In the last post we discussed the 2 different types of markets in prison. The "Administration Run Market" (ARM) and the "Inmate Run Market" (IRM).

In the ARM once a week you can shop in the commissary with a $360 a month spending limit.

Looking at the list below, you see prices and a number in () which designates the total quantity you can buy in 1 day. For Mackerel the number is 14, so we can more accurately than dollars, predict the new currency inflow into the market.

This is the ARM commissary list:



Alternatively, the IRM is where you can buy sandwiches, wraps, pizzas, Italian ices, hire a personal trainer, get a haircut, pay someone to clean your cube, repair a watch, even inmate run caterers for your birthday or going home party. Additionally there were inmate run 'stores' which sold commissary items at a markup since you could only commissary shop once a week.

These stores sold different things. There was "Papp Georgios" who made the best microwave pizza for 6 MAKS, Enrique the best barber for 2 MAKS, and Jim who would sew a scarf or hat for 5 MAK.

Over the period of my stay I observed some interesting market effects of various competing currencies. When I had first arrived I noticed that Mackerel packs were the most widely used currency because they had utility (being edible), good transactional currency, a good store of value and because of wide acceptance of these facts. Because many people believed Macks to have value, they did. Its as simple as that.

Money Maks

Over time, something else happened that I still could not figure out (If you have any ideas, please let me know!). I was speaking to someone who sells cold soda and when he told me his prices he said "1 Mack or 2 Money Maks". First thing I said was, "What is a Money Mak?"

He explained to me that Money Maks were just expired Mackerel, they had no real utility anymore and you could not eat them! So why did they have value? The answer is because the compound says they do. In fact, Money Maks were more widely used than Eating Maks were.

Im every Unit there existed currency exchangers. These guys essentially exchanged EMAKS (Edible Maks) for MMAKS (Money Maks).

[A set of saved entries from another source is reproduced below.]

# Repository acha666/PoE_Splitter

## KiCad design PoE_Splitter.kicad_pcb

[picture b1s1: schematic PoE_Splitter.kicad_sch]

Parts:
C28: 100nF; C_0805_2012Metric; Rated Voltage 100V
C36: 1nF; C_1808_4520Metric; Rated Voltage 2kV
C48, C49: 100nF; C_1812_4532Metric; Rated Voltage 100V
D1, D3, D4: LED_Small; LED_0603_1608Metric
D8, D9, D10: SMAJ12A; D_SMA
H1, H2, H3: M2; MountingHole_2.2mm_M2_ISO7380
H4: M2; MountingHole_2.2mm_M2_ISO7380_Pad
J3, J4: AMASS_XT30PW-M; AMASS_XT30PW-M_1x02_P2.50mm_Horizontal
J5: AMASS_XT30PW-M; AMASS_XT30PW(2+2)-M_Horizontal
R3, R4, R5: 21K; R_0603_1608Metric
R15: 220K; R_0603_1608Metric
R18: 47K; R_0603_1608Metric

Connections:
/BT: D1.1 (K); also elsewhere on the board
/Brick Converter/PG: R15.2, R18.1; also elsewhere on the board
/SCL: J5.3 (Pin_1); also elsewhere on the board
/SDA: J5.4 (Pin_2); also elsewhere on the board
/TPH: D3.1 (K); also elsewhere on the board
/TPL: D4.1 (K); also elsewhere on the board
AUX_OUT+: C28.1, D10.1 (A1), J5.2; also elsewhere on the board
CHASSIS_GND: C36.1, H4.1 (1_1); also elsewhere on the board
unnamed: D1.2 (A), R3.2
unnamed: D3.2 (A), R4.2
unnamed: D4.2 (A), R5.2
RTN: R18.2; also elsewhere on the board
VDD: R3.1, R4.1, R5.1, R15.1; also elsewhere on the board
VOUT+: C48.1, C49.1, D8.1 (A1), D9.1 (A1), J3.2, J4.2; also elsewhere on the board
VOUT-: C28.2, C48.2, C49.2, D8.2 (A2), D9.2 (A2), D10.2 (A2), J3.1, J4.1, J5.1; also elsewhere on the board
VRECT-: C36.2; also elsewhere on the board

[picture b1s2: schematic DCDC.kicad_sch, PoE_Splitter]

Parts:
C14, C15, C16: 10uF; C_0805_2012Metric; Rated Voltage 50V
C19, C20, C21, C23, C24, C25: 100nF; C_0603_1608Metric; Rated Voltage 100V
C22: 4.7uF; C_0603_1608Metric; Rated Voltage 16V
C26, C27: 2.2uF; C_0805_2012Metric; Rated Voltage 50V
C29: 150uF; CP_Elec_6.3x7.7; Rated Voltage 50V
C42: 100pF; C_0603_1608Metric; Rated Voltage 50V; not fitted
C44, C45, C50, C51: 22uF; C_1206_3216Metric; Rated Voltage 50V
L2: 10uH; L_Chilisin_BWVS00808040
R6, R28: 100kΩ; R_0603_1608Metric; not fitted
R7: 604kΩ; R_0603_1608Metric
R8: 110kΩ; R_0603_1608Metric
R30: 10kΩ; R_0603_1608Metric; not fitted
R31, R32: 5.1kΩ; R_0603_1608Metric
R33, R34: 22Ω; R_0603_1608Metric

I observed the following rates: 1 EMAK = 2 MMAKS 1.5 MMAK = 1 EMAK (You would have to trade 2 EMAK's to get this rate)

Coming from a background in economics, this was eye opening for me. I studied these economic theories but in a closed market you rarely get the chance to see its effects.

So what happened? How did MMAK lose all of its value in 1 day?

I was in the library one day and I saw dozens of people walking with MMAKS in their hand. This was odd seeing people openly carry Mackerel around unless they were eating it. So I took a walk over to the cafeteria and found a huge laundry bin filled to the brim of MMAKS. Inmates were taking arms loads and walking away. The administration essentially flooded the market with hundreds of MMAKS and gave them away for free. Within hours all the stores that accepted MMAKS stopped accepting them, currency exchangers as well. If you could not exchange them or use them, people lost confidence in its ability as a store of value.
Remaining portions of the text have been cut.